**TASK INSTRUCTIONS:**
Pictures aside, repeat all the entries below exactly as they appear.

**DATA TO EXAMINE:**
******************************

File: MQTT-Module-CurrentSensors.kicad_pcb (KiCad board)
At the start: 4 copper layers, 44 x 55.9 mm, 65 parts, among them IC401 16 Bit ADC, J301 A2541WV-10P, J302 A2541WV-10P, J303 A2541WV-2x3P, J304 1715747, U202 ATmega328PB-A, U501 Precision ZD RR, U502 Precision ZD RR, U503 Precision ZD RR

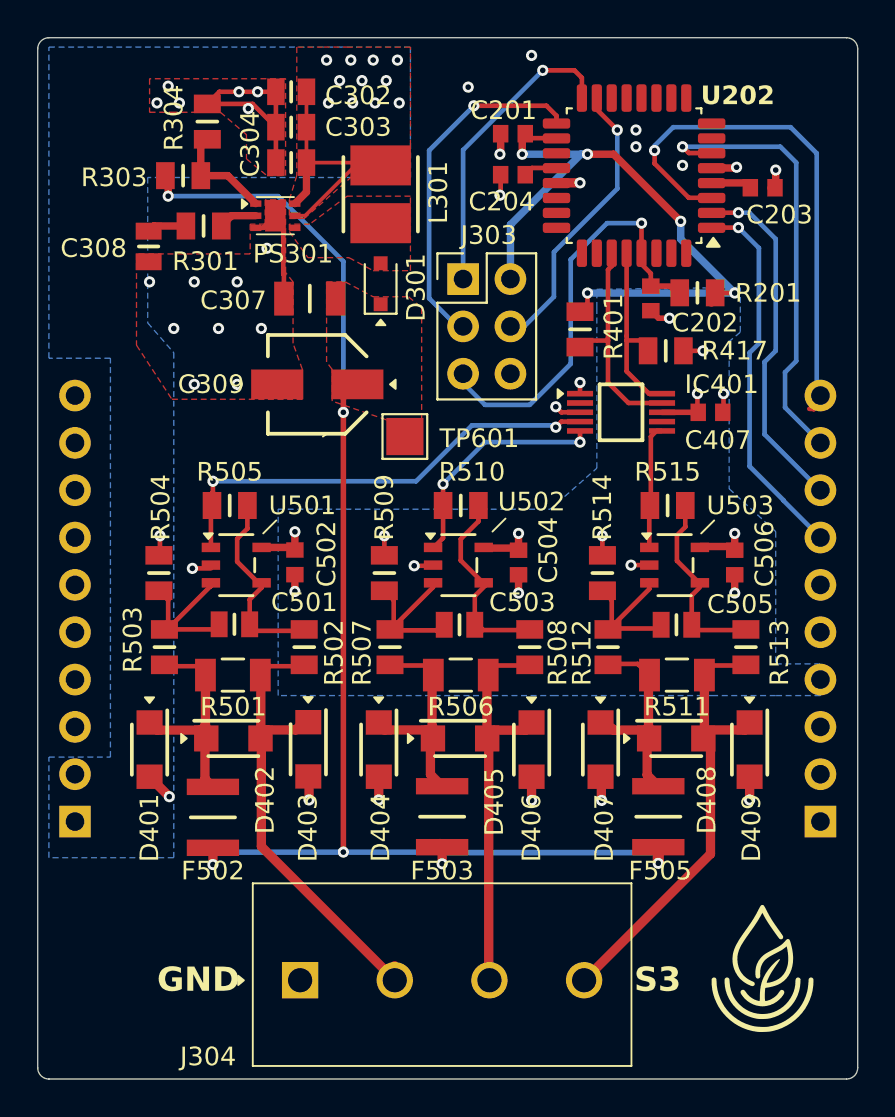
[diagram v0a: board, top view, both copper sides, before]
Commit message: Removed overflow on mask of ATMEGA. Reconnected traces, ran RRC checks, updated resolution of generated renders to 4k.
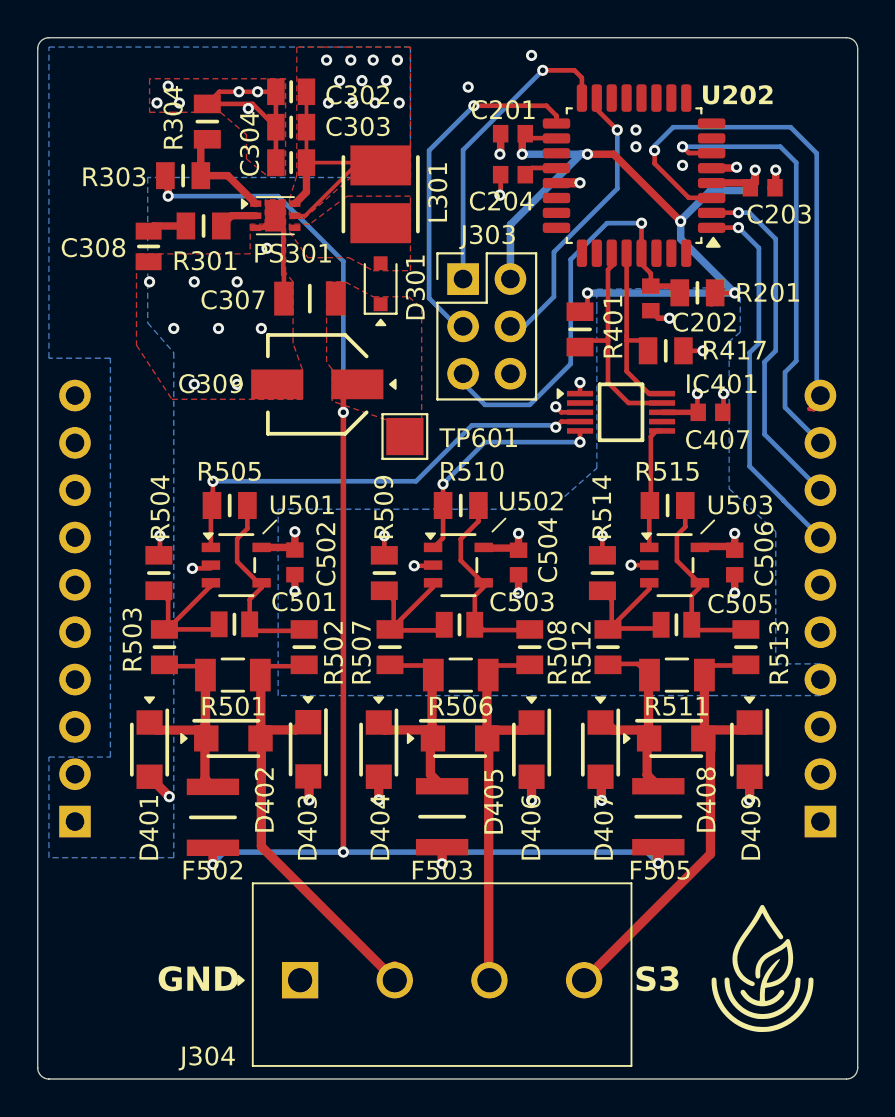
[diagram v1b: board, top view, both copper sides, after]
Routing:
- net +3V3: track 53.9 -> 60.4 mm, vias 10 -> 11
- net +25V: track 72.4 -> 73.5 mm

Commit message: Updated PCB, increased GND and improved connections on fills.
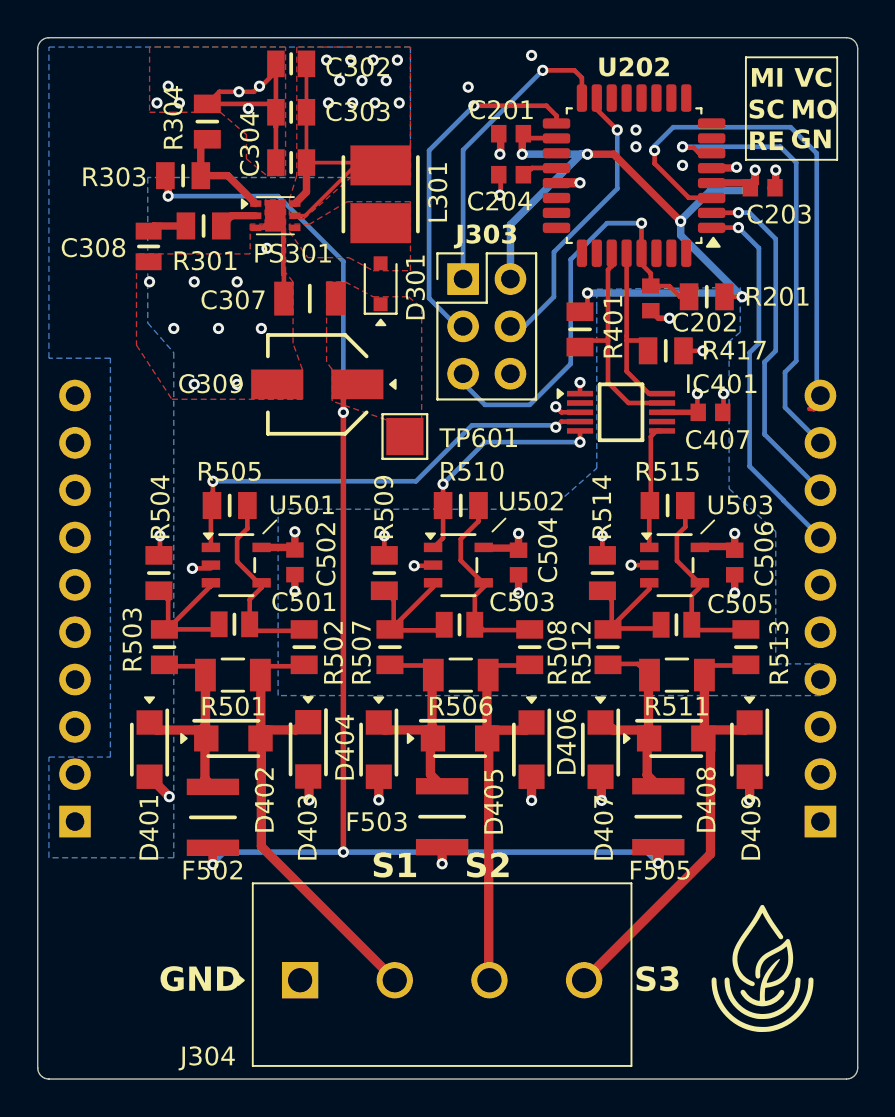
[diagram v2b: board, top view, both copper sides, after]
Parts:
- J303: footprint CJT Connectors:PinHeader_2x03_P2.54mm_Vertical -> CJT Connectors:PinHeader_2x03_P2.54mm_Vertical_Male
- moved C302 1.50 mm to (131.6, 69.4)
- moved C303 0.80 mm to (131.6, 72.0)
- moved R201 0.54 mm to (153.9, 81.9)
- moved C201 0.10 mm to (143.4, 73.2)
- moved C204 0.10 mm to (143.4, 75.3)
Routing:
- net GND: track 45.6 -> 48.6 mm
- net +12V: track 16.3 -> 17.8 mm
- net /SensorRecievers/Sensor1: track 26.0 -> 25.2 mm
- net /Controller/RESET: track 23.2 -> 23.7 mm
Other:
- board text added: "GN"
- board text added: "MI"
- board text added: "MO"
- board text added: "RE"
- board text added: "SC"
- board text added: "VC"

******************************

**ANSWER TO THE EXERCISE:**
File: MQTT-Module-CurrentSensors.kicad_pcb (KiCad board)
At the start: 4 copper layers, 44 x 55.9 mm, 65 parts, among them IC401 16 Bit ADC, J301 A2541WV-10P, J302 A2541WV-10P, J303 A2541WV-2x3P, J304 1715747, U202 ATmega328PB-A, U501 Precision ZD RR, U502 Precision ZD RR, U503 Precision ZD RR

[diagram v0a: board, top view, both copper sides, before]
Commit message: Removed overflow on mask of ATMEGA. Reconnected traces, ran RRC checks, updated resolution of generated renders to 4k.
[diagram v1b: board, top view, both copper sides, after]
Routing:
- net +3V3: track 53.9 -> 60.4 mm, vias 10 -> 11
- net +25V: track 72.4 -> 73.5 mm

Commit message: Updated PCB, increased GND and improved connections on fills.
[diagram v2b: board, top view, both copper sides, after]
Parts:
- J303: footprint CJT Connectors:PinHeader_2x03_P2.54mm_Vertical -> CJT Connectors:PinHeader_2x03_P2.54mm_Vertical_Male
- moved C302 1.50 mm to (131.6, 69.4)
- moved C303 0.80 mm to (131.6, 72.0)
- moved R201 0.54 mm to (153.9, 81.9)
- moved C201 0.10 mm to (143.4, 73.2)
- moved C204 0.10 mm to (143.4, 75.3)
Routing:
- net GND: track 45.6 -> 48.6 mm
- net +12V: track 16.3 -> 17.8 mm
- net /SensorRecievers/Sensor1: track 26.0 -> 25.2 mm
- net /Controller/RESET: track 23.2 -> 23.7 mm
Other:
- board text added: "GN"
- board text added: "MI"
- board text added: "MO"
- board text added: "RE"
- board text added: "SC"
- board text added: "VC"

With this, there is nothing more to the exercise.